Jeffries cosponsored a 2018 bipartisan bill addressing prisoner reentry into society. The bill was lobbied on for CoreCivic in the first quarter of 2018 by Gephardt Group Government Affairs—run by former House Majority Leader Dick Gephardt, who recently bundled donations for the DCCC. It’s unclear whether CoreCivic supported or opposed the bill, which passed the House in May. However, CoreCivic last year was “aggressively” acquiring reentry facilities, and has called for more federal funding for these facilities, which are commonly known as “halfway houses.” The bill, named the FIRST STEP Act, authorizes $250 million over five years for programs to help former prisoners reenter society. CoreCivic operates numerous reentry centers around the country.
GEO Group lobbyist and DCCC fundraiser Richard Sullivan lobbied on the issue of reentry in the first quarter of 2017. GEO Group, like CoreCivic, operates reentry centers and services. Sullivan previously held leadership roles at two of the top Democratic Party committees: He’s the former finance director of the Democratic National Committee and former treasurer of the Democratic Governors Association.
The Democrats who have received the most money from corporate PAC donations from GEO Group and CoreCivic in the 2018 election cycle are:
The campaign of Sen. Martin Heinrich (D-N.M.) said that it donated to charity the $6,500 it has received from CoreCivic’s PAC since 2010.
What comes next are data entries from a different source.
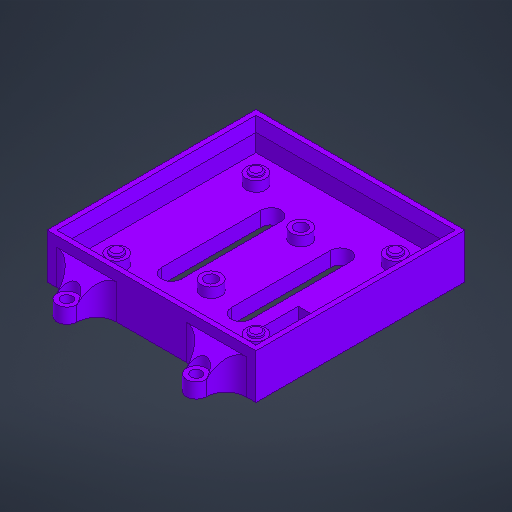
# Autodesk Inventor part: CameraMount
Saved by Autodesk Inventor 2025.1 (Build 291241000, 241)
## iProperties
Created: 2024-11-09
Part Number: CameraMount
Material: Generic
Document SubType Name: Modeling
Designer: jerem
Density: 1 g/cm^3
Appearance: Default
Author: jerem
## iProperties of the stored document CameraMount_3DPrint.ipt
Created: 2024-11-09
Part Number: CameraMount_3DPrint
Material: Generic
Document SubType Name: Modeling
Designer: jerem
Density: 1 g/cm^3
Appearance: Default
Author: jerem
Autodesk Inventor part; units mm, degrees
ref_plane "YZ Plane" through (0, 0, 0) normal (1, 0, 0) x (0, 1, 0)
ref_plane "XZ Plane" through (0, 0, 0) normal (0, 1, 0) x (-1, 0, 0)
ref_plane "XY Plane" through (0, 0, 0) normal (0, 0, 1) x (1, 0, 0)
sketch "Sketch1" plane through (0, 0, 0) normal (0, 1, 0) x (-1, 0, 0)
  line L0 (-21, -21) -> (21, -21)
  line L1 (21, -21) -> (21, 21)
  line L2 (21, 21) -> (-21, 21)
  line L3 (-21, 21) -> (-21, -21)
  line L4 (-21, -21) -> (21, 21) construction
  line L5 (21, -21) -> (-21, 21) construction
  line L6 (4.5, -4.5) -> (-4.5, 4.5) construction
  line L7 (-4.5, -4.5) -> (4.5, 4.5) construction
  circle A0 centre (14, 14) radius 1.3
  circle A1 centre (0, 9) radius 1.25
  circle A2 centre (-14, 14) radius 1.3
  circle A3 centre (0, -9) radius 1.25
  line L8 (0, 0) -> (0, 9) construction
  line L9 (0, -9) -> (0, 0) construction
  circle A4 centre (14, -14) radius 1.3
  circle A5 centre (-14, -14) radius 1.3
  line L10 (14, 14) -> (14, -14) construction
  line L11 (14, 14) -> (-14, 14) construction
  line L12 (-14, 14) -> (-14, -14) construction
  circle A6 centre (0, -9) radius 2
  circle A7 centre (0, 9) radius 2
  circle A8 centre (14, 14) radius 2
  circle A9 centre (-14, 14) radius 2
  circle A10 centre (-14, -14) radius 2
  circle A11 centre (14, -14) radius 2
  line L13 (-11.5, 3) -> (-15.5, 3)
  line L14 (-15.5, 3) -> (-15.5, 11)
  line L15 (-15.5, 11) -> (-11.5, 11)
  line L16 (-11.5, 11) -> (-11.5, 3)
  line L17 (19.5, 19.5) -> (19.5, -19.5)
  line L18 (19.5, -19.5) -> (-19.5, -19.5)
  line L19 (-19.5, -19.5) -> (-19.5, 19.5)
  line L20 (-19.5, 19.5) -> (19.5, 19.5)
  line L21 (-21, 3) -> (-21, -3)
  line L22 (21, -3) -> (21, 3)
  point P0 (0, 0)
  dimension "d0" = 42
  dimension "d1" = 42
  dimension "d2" = 9
  dimension "d3" = 2.5
  dimension "d4" = 2.5
  dimension "d5" = 9
  dimension "d6" = 9
  dimension "d7" = 2.6
  dimension "d8" = 2.6
  dimension "d9" = 2.6
  dimension "d10" = 2.6
  dimension "d11" = 28
  dimension "d14" = 4
  dimension "d15" = 4
  dimension "d16" = 4
  dimension "d17" = 4
  dimension "d18" = 4
  dimension "d19" = 4
  dimension "d20" = 8
  dimension "d21" = 4
  dimension "d26" = 11.5
  dimension "d27" = 3
  dimension "d28" = 1.5
  constraints: 47 end point, 12 centre point, 7 coincident, 6 parallel, 5 point on line, 4 midpoint, 4 vertical, 3 horizontal, 3 perpendicular, 3 other
  measures "d0" distance of L3.start L4.end
  measures "d1" distance of L0.end L4.end
  measures "d2" distance of L6.end L7.end
  measures "d3" diameter of A1
  measures "d4" diameter of A3
  measures "d5" distance of L9.end L9.start
  measures "d6" distance of L9.end L8.end
  measures "d7" diameter of A0
  measures "d8" diameter of A4
  measures "d9" diameter of A2
  measures "d10" diameter of A5
  measures "d11" distance of L11.start L12.start
  measures "d14" diameter of A6
  measures "d15" diameter of A7
  measures "d16" diameter of A8
  measures "d17" diameter of A9
  measures "d18" diameter of A10
  measures "d19" diameter of A11
  measures "d20" distance of L15.end L13.start
  measures "d21" distance of L13.start L13.end
  measures "d26" distance from line of point (0, 0) L16
  measures "d27" distance from line of point (0, 0) L13
  measures "d28" distance between parallel lines of L2 L20
extrude "Extrusion1" add sketch "Sketch1" against normal blind 3 contours L3 L2 L1 L0 | A0 | A2 | A4 | A5 | A6 | A7 | A8 | A9 | A10 | A11 | L17 L18 L19 L20
extrude "Extrusion2" add sketch "Sketch1" along normal blind 2 contours A0 | A2 | A4 | A5 | A6 | A7 | A8 | A9 | A10 | A11
extrude "Extrusion3" add sketch "Sketch1" along normal blind 6 contours L3 L2 L1 L0
sketch "Sketch2" plane through (0, -3, 0) normal (0, -1, 0) x (1, 0, 0)
  line L0 (2.4249, 9) -> (1.2124, 6.9)
  line L1 (1.2124, 6.9) -> (-1.2124, 6.9)
  line L2 (-1.2124, 6.9) -> (-2.4249, 9)
  line L3 (-2.4249, 9) -> (-1.2124, 11.1)
  line L4 (-1.2124, 11.1) -> (1.2124, 11.1)
  line L5 (1.2124, 11.1) -> (2.4249, 9)
  circle A0 centre (0, 9) radius 0.95
  line L6 (2.4249, -9) -> (1.2124, -11.1)
  line L7 (1.2124, -11.1) -> (-1.2124, -11.1)
  line L8 (-1.2124, -11.1) -> (-2.4249, -9)
  line L9 (-2.4249, -9) -> (-1.2124, -6.9)
  line L10 (-1.2124, -6.9) -> (1.2124, -6.9)
  line L11 (1.2124, -6.9) -> (2.4249, -9)
  circle A1 centre (0, -9) radius 0.95
  point P0 (0, 0)
  dimension "d31" = 4.2
  dimension "d32" = 1.9
  dimension "d33" = 4.2
  dimension "d34" = 1.9
  constraints: 24 end point, 6 coincident, 2 centre point, 2 horizontal, 26 other
  measures "d31" distance between parallel lines of L4 L1
  measures "d32" diameter of A0
  measures "d33" distance between parallel lines of L10 L7
  measures "d34" diameter of A1
extrude "Extrusion4" cut sketch "Sketch2" against normal blind 2.75
chamfer "Chamfer1" distance 0.9 angle 45 12 edges at (1.8187, -0.25, 10.05) (-1.8187, -0.25, 10.05) (0, -0.25, 6.9) (0, -0.25, 11.1) (1.8187, -0.25, 7.95) (-1.8187, -0.25, 7.95) (0, -0.25, -6.9) (-1.8187, -0.25, -7.95) (0, -0.25, -11.1) (1.8187, -0.25, -7.95) (1.8187, -0.25, -10.05) (-1.8187, -0.25, -10.05)
sketch "Sketch4" plane through (0, 0, 0) normal (0, 1, 0) x (-1, 0, 0)
  line L0 (-15, 21) -> (-11, 21)
  line L1 (-11, 21) -> (-11, 27)
  line L2 (-11, 27) -> (-15, 27)
  line L3 (-15, 27) -> (-15, 21)
  circle A0 centre (-13, 25) radius 1.1
  line L4 (-13, 25) -> (-13, 21) construction
  line L5 (0, -30.8) -> (0, 37.8) construction
  line L6 (29.4, 0) -> (-29.4, 0) construction
  line L7 (21, 21) -> (-21, 21) projected
  line L8 (-21, 21) -> (-21, -21) projected
  circle A1 centre (-13, 25) radius 2
  point P0 (-13, 27)
  dimension "d59" = 2.2
  dimension "d61" = 4
  dimension "d63" = 25
  dimension "d67" = 8
  dimension "d97" = 6
  constraints: 10 end point, 2 centre point, 2 midpoint, 2 parallel, 1 coincident, 1 horizontal, 1 perpendicular, 1 point on line, 1 tangent, 1 vertical
  measures "d59" diameter of A0
  measures "d61" distance of L1.end L2.end
  measures "d63" distance from line of L6 L4.start
  measures "d67" distance from line of L8 L4.start
  measures "d97" distance between parallel lines of L2 L7
extrude "Extrusion6" add sketch "Sketch4" against normal up to surface (3 mm away)
mirror "Mirror1" about plane through (0, 0, 0) normal (1, 0, 0) of "Extrusion6"
mirror "Mirror4" about plane through (0, 0, 0) normal (0, 0, 1) of "Extrusion6", "Mirror1"
chamfer "Chamfer4" distance 4 angle 45 4 edges at (13, 0, 21) (-13, 0, 21) (-13, 0, -21) (13, 0, -21)
extrude "Extrusion8" cut sketch "Sketch4" along normal through all contours A1
mirror "Mirror5" about plane through (0, 0, 0) normal (0, 0, 1) of "Extrusion8"
mirror "Mirror6" about plane through (0, 0, 0) normal (1, 0, 0) of "Extrusion8", "Mirror5"
chamfer "Chamfer5" distance 0.5 distance2 2.5 4 edges at (0, 6, -19.5) (19.5, 6, 0) (0, 6, 19.5) (-19.5, 6, 0) measured on face at (20, 6, 0) measured on face at (-20, 6, 0) measured on face at (0, 6, -20) measured on face at (0, 6, 20)
fillet "Fillet5" radius 4 8 edges at (11, 0.5, -21) (-11, 0.5, -21) (-15, 0.5, -21) (15, 0.5, -21) (-15, 0.5, 21) (-11, 0.5, 21) (11, 0.5, 21) (15, 0.5, 21)
extrude "Extrusion9" add sketch "Sketch1" along normal blind 0.6 from surface at 2 contours A0 | A2 | A4 | A5
chamfer "Chamfer6" distance 0.3 angle 45 4 edges at (15.3, 2.6, -14) (15.3, 2.6, 14) (-12.7, 2.6, 14) (-12.7, 2.6, -14)
sketch "Sketch5" plane through (0, 0, 0) normal (0, 1, 0) x (1, 0, 0)
  circle A0 centre (7, 10) radius 2
  circle A1 centre (7, -10) radius 2
  line L0 (7, 10) -> (7, -10) construction
  line L1 (5, 10) -> (5, -10)
  line L2 (9, -10) -> (9, 10)
  line L3 (0, 0) -> (7, 0) construction
  line L4 (0, 0) -> (0, 13.1293) construction
  circle A2 centre (-7, 10) radius 2
  line L5 (-9, -10) -> (-9, 10)
  circle A3 centre (-7, -10) radius 2
  line L6 (-5, 10) -> (-5, -10)
  line L7 (-7, 10) -> (-7, -10) construction
  point P0 (-7, 0)
  dimension "d91" = 20
  dimension "d92" = 4
  dimension "d93" = 7
  constraints: 16 end point, 8 point on circle, 7 symmetric about line, 4 centre point, 4 tangent, 1 equal radius, 1 horizontal, 1 midpoint, 1 vertical, 2 other
  measures "d91" distance of L0.start L0.end
  measures "d92" distance between parallel lines of L2 L1
  measures "d93" distance of L3.start L3.end
extrude "Extrusion10" cut sketch "Sketch5" against normal through all
fillet "Fillet6" radius 2 8 edges at (-15, -1.5, -27) (-11, -1.5, -27) (-15, -1.5, 27) (-11, -1.5, 27) (11, -1.5, 27) (15, -1.5, 27) (11, -1.5, -27) (15, -1.5, -27)
equation "\"d1\" = d0"
equation "\"d4\" = d3"
equation "\"d5\" = d6"
equation "\"d8\" = d7"
equation "\"d9\" = d7"
equation "\"d10\" = d7"
equation "\"d14\" = d15"
equation "\"d17\" = d16"
equation "\"d18\" = d16"
equation "\"d19\" = d16"
equation "\"d31\" = d33"
body "Solid1"

The four DCCC lobbyist bundlers who have lobbied for private-prison companies are:
- Gephardt, whose lobbying firm lobbied for CoreCivic this year, brought $18,500 in donations to the DCCC this election cycle.
- Tony Podesta and a number of lobbyists at his now-defunct lobbying firm Podesta Group lobbied for GEO Group. Podesta bundled $156,000 in contributions for the DCCC in 2017.
- Sullivan, who was once a special assistant to fellow DCCC bundler Gephardt, lobbied for GEO Group in early 2017. He brought in $118,300 for the DCCC in April and May.
- Victor Fazio works for Akin Gump, which recently lobbied for CoreCivic. Fazio doesn’t currently represent CoreCivic, but he used to. He has bundled $58,000 for the DCCC this year.
The Democratic Party has another connection to GEO Group: Jeff Berman, a member of the Democratic Unity Commission, which was formed last year to “recommend improvements to insure the presidential nomination process is accessible, transparent, and inclusive,” formerly lobbied for the prison company.
At least one member of Congress has personally invested in a private-prison giant. In her 2016 financial disclosure, Rep. Lois Frankel (D-Fla.) reported having purchased between $2,002 and $30,000 worth of stock in CoreCivic via her Morgan Stanley independent retirement account (IRA). Subsequent financial reports do not indicate that she’s divested this stock. CoreCivic operates two facilities in Florida.
As some Democrats have rejected private-prison cash, others have sworn off all corporate PAC money entirely in an era when “big money in politics” is tied for the top issue driving Americans to lose faith in the nation’s democratic system, according to a recent poll. Alexandria Ocasio-Cortez, a 28-year-old Democrat from the Bronx, this week scored a massive primary upset against high-ranking incumbent Rep. Joe Crowley. Ocasio-Cortez campaigned on a promise to accept no corporate PAC donations, while Crowley received over $1 million in corporate PAC money.